* The task *
Look below for the lines from the one with "#1=APPLICATION_CONTEXT('core data for" to the one with "#6=PRODUCT_DEFINITION_FORMATION('','',#4);", and copy exactly those lines, both ends included.
START Excerpted data
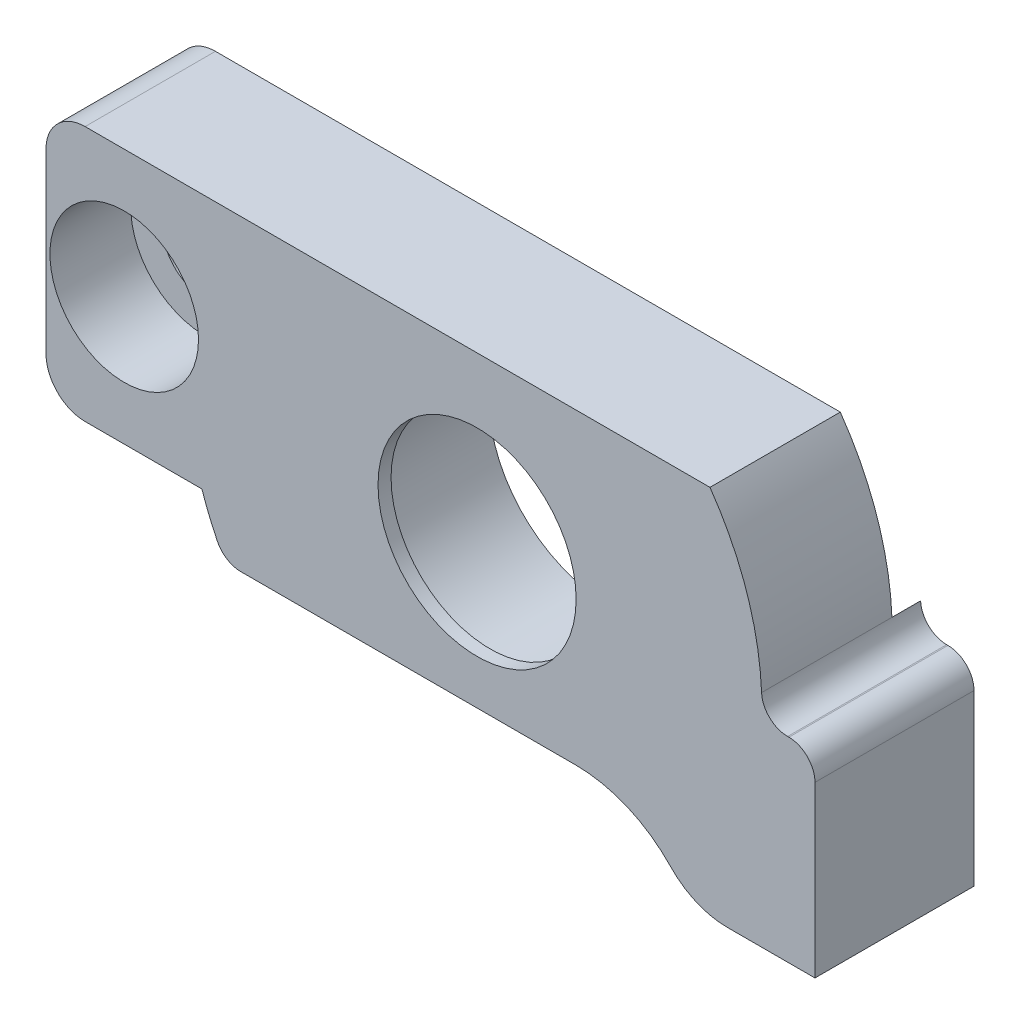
ISO-10303-21;
HEADER;
FILE_DESCRIPTION(('STEP AP214'),'2;1');
FILE_NAME('part.step','',(''),(''),'','','');
FILE_SCHEMA(('AUTOMOTIVE_DESIGN { 1 0 10303 214 1 1 1 1 }'));
ENDSEC;
DATA;
#1=APPLICATION_CONTEXT('core data for automotive mechanical design processes');
#2=APPLICATION_PROTOCOL_DEFINITION('international standard','automotive_design',2000,#1);
#3=PRODUCT_CONTEXT('',#1,'mechanical');
#4=PRODUCT('Part','Part','',(#3));
#5=PRODUCT_RELATED_PRODUCT_CATEGORY('part','',(#4));
#6=PRODUCT_DEFINITION_FORMATION('','',#4);
#7=PRODUCT_DEFINITION_CONTEXT('part definition',#1,'design');
#8=PRODUCT_DEFINITION('design','',#6,#7);
#9=PRODUCT_DEFINITION_SHAPE('','',#8);
#10=(LENGTH_UNIT() NAMED_UNIT(*) SI_UNIT(.MILLI.,.METRE.));
#11=(NAMED_UNIT(*) PLANE_ANGLE_UNIT() SI_UNIT($,.RADIAN.));
#12=(NAMED_UNIT(*) SI_UNIT($,.STERADIAN.) SOLID_ANGLE_UNIT());
#13=UNCERTAINTY_MEASURE_WITH_UNIT(LENGTH_MEASURE(1.E-05),#10,'distance_accuracy_value','');
#14=(GEOMETRIC_REPRESENTATION_CONTEXT(3) GLOBAL_UNCERTAINTY_ASSIGNED_CONTEXT((#13)) GLOBAL_UNIT_ASSIGNED_CONTEXT((#10,
#11,#12)) REPRESENTATION_CONTEXT('',''));
#15=CARTESIAN_POINT('',(0.,0.,0.));
#16=DIRECTION('',(0.,0.,1.));
#17=DIRECTION('',(1.,0.,0.));
#18=AXIS2_PLACEMENT_3D('',#15,#16,#17);
#19=CARTESIAN_POINT('',(12.5,-4.4,-2.4));
#20=DIRECTION('',(-1.,0.,0.));
#21=DIRECTION('',(0.,0.,1.));
#22=AXIS2_PLACEMENT_3D('',#19,#20,#21);
#23=PLANE('',#22);
#24=DIRECTION('',(0.,0.,-1.));
#25=VECTOR('',#24,1.);
#26=CARTESIAN_POINT('',(12.5,-7.2957063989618,13.4233560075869));
#27=LINE('',#26,#25);
#28=CARTESIAN_POINT('',(12.5,-7.2957063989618,0.));
#29=VERTEX_POINT('',#28);
#30=CARTESIAN_POINT('',(12.5,-7.2957063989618,-1.1));
#31=VERTEX_POINT('',#30);
#32=EDGE_CURVE('E178',#29,#31,#27,.T.);
#33=ORIENTED_EDGE('',*,*,#32,.T.);
#34=DIRECTION('',(0.,1.,0.));
#35=VECTOR('',#34,1.);
#36=CARTESIAN_POINT('',(12.5,-8.16413899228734,-1.1));
#37=LINE('',#36,#35);
#38=CARTESIAN_POINT('',(12.5,-8.16413899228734,-1.1));
#39=VERTEX_POINT('',#38);
#40=EDGE_CURVE('E52',#39,#31,#37,.T.);
#41=ORIENTED_EDGE('',*,*,#40,.F.);
#42=DIRECTION('',(0.,0.,-1.));
#43=VECTOR('',#42,1.);
#44=CARTESIAN_POINT('',(12.5,-8.16413899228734,6.00435974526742));
#45=LINE('',#44,#43);
#46=CARTESIAN_POINT('',(12.5,-8.16413899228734,0.));
#47=VERTEX_POINT('',#46);
#48=EDGE_CURVE('E175',#47,#39,#45,.T.);
#49=ORIENTED_EDGE('',*,*,#48,.F.);
#50=DIRECTION('',(0.,1.,0.));
#51=VECTOR('',#50,1.);
#52=CARTESIAN_POINT('',(12.5,-4.4,0.));
#53=LINE('',#52,#51);
#54=EDGE_CURVE('E254',#47,#29,#53,.T.);
#55=ORIENTED_EDGE('',*,*,#54,.T.);
#56=EDGE_LOOP('',(#33,#41,#49,#55));
#57=FACE_BOUND('',#56,.T.);
#58=ADVANCED_FACE('F37',(#57),#23,.T.);
#59=CARTESIAN_POINT('',(14.9616699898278,-0.887184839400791,-2.4));
#60=DIRECTION('',(0.,1.,0.));
#61=DIRECTION('',(-1.,0.,0.));
#62=AXIS2_PLACEMENT_3D('',#59,#60,#61);
#63=PLANE('',#62);
#64=DIRECTION('',(0.,0.,1.));
#65=VECTOR('',#64,1.);
#66=CARTESIAN_POINT('',(16.0000000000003,-0.887184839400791,-2.4));
#67=LINE('',#66,#65);
#68=CARTESIAN_POINT('',(16.0000000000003,-0.887184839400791,5.));
#69=VERTEX_POINT('',#68);
#70=CARTESIAN_POINT('',(16.0000000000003,-0.887184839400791,-1.1));
#71=VERTEX_POINT('',#70);
#72=EDGE_CURVE('E277',#69,#71,#67,.F.);
#73=ORIENTED_EDGE('',*,*,#72,.T.);
#74=DIRECTION('',(1.,0.,0.));
#75=VECTOR('',#74,1.);
#76=CARTESIAN_POINT('',(15.9511831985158,-0.88718483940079,-1.1));
#77=LINE('',#76,#75);
#78=CARTESIAN_POINT('',(15.9511831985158,-0.887184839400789,-1.1));
#79=VERTEX_POINT('',#78);
#80=EDGE_CURVE('E338',#79,#71,#77,.T.);
#81=ORIENTED_EDGE('',*,*,#80,.F.);
#82=DIRECTION('',(0.,0.,-1.));
#83=VECTOR('',#82,1.);
#84=CARTESIAN_POINT('',(15.9511831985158,-0.887184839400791,5.));
#85=LINE('',#84,#83);
#86=CARTESIAN_POINT('',(15.9511831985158,-0.887184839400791,5.));
#87=VERTEX_POINT('',#86);
#88=EDGE_CURVE('E284',#79,#87,#85,.F.);
#89=ORIENTED_EDGE('',*,*,#88,.T.);
#90=DIRECTION('',(-1.,0.,0.));
#91=VECTOR('',#90,1.);
#92=CARTESIAN_POINT('',(14.9616699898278,-0.887184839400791,5.));
#93=LINE('',#92,#91);
#94=EDGE_CURVE('E207',#69,#87,#93,.T.);
#95=ORIENTED_EDGE('',*,*,#94,.F.);
#96=EDGE_LOOP('',(#73,#81,#89,#95));
#97=FACE_BOUND('',#96,.T.);
#98=ADVANCED_FACE('F371',(#97),#63,.T.);
#99=CARTESIAN_POINT('',(17.0000000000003,-0.887184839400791,-2.4));
#100=DIRECTION('',(1.,0.,0.));
#101=DIRECTION('',(0.,0.,-1.));
#102=AXIS2_PLACEMENT_3D('',#99,#100,#101);
#103=PLANE('',#102);
#104=DIRECTION('',(0.,0.,1.));
#105=VECTOR('',#104,1.);
#106=CARTESIAN_POINT('',(17.0000000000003,-8.38718483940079,-2.4));
#107=LINE('',#106,#105);
#108=CARTESIAN_POINT('',(17.0000000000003,-8.38718483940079,-1.1));
#109=VERTEX_POINT('',#108);
#110=CARTESIAN_POINT('',(17.0000000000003,-8.38718483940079,5.));
#111=VERTEX_POINT('',#110);
#112=EDGE_CURVE('E211',#109,#111,#107,.T.);
#113=ORIENTED_EDGE('',*,*,#112,.F.);
#114=DIRECTION('',(0.,-1.,0.));
#115=VECTOR('',#114,1.);
#116=CARTESIAN_POINT('',(17.0000000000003,-1.88718483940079,-1.1));
#117=LINE('',#116,#115);
#118=CARTESIAN_POINT('',(17.0000000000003,-1.88718483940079,-1.1));
#119=VERTEX_POINT('',#118);
#120=EDGE_CURVE('E334',#119,#109,#117,.T.);
#121=ORIENTED_EDGE('',*,*,#120,.F.);
#122=DIRECTION('',(0.,0.,1.));
#123=VECTOR('',#122,1.);
#124=CARTESIAN_POINT('',(17.0000000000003,-1.88718483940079,-2.4));
#125=LINE('',#124,#123);
#126=CARTESIAN_POINT('',(17.0000000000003,-1.88718483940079,5.));
#127=VERTEX_POINT('',#126);
#128=EDGE_CURVE('E290',#119,#127,#125,.T.);
#129=ORIENTED_EDGE('',*,*,#128,.T.);
#130=DIRECTION('',(0.,1.,0.));
#131=VECTOR('',#130,1.);
#132=CARTESIAN_POINT('',(17.0000000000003,-0.887184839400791,5.));
#133=LINE('',#132,#131);
#134=EDGE_CURVE('E204',#111,#127,#133,.T.);
#135=ORIENTED_EDGE('',*,*,#134,.F.);
#136=EDGE_LOOP('',(#113,#121,#129,#135));
#137=FACE_BOUND('',#136,.T.);
#138=ADVANCED_FACE('F364',(#137),#103,.T.);
#139=CARTESIAN_POINT('',(17.0000000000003,-8.38718483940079,-2.4));
#140=DIRECTION('',(0.,-1.,0.));
#141=DIRECTION('',(1.,0.,0.));
#142=AXIS2_PLACEMENT_3D('',#139,#140,#141);
#143=PLANE('',#142);
#144=DIRECTION('',(0.,0.,1.));
#145=VECTOR('',#144,1.);
#146=CARTESIAN_POINT('',(13.6351324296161,-8.38718483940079,-2.4));
#147=LINE('',#146,#145);
#148=CARTESIAN_POINT('',(13.6351324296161,-8.38718483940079,5.));
#149=VERTEX_POINT('',#148);
#150=CARTESIAN_POINT('',(13.6351324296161,-8.38718483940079,-1.1));
#151=VERTEX_POINT('',#150);
#152=EDGE_CURVE('E300',#149,#151,#147,.F.);
#153=ORIENTED_EDGE('',*,*,#152,.T.);
#154=DIRECTION('',(-1.,0.,0.));
#155=VECTOR('',#154,1.);
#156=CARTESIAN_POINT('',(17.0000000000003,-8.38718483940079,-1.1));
END Excerpted data
* Solution to this problem *
#1=APPLICATION_CONTEXT('core data for automotive mechanical design processes');
#2=APPLICATION_PROTOCOL_DEFINITION('international standard','automotive_design',2000,#1);
#3=PRODUCT_CONTEXT('',#1,'mechanical');
#4=PRODUCT('Part','Part','',(#3));
#5=PRODUCT_RELATED_PRODUCT_CATEGORY('part','',(#4));
#6=PRODUCT_DEFINITION_FORMATION('','',#4);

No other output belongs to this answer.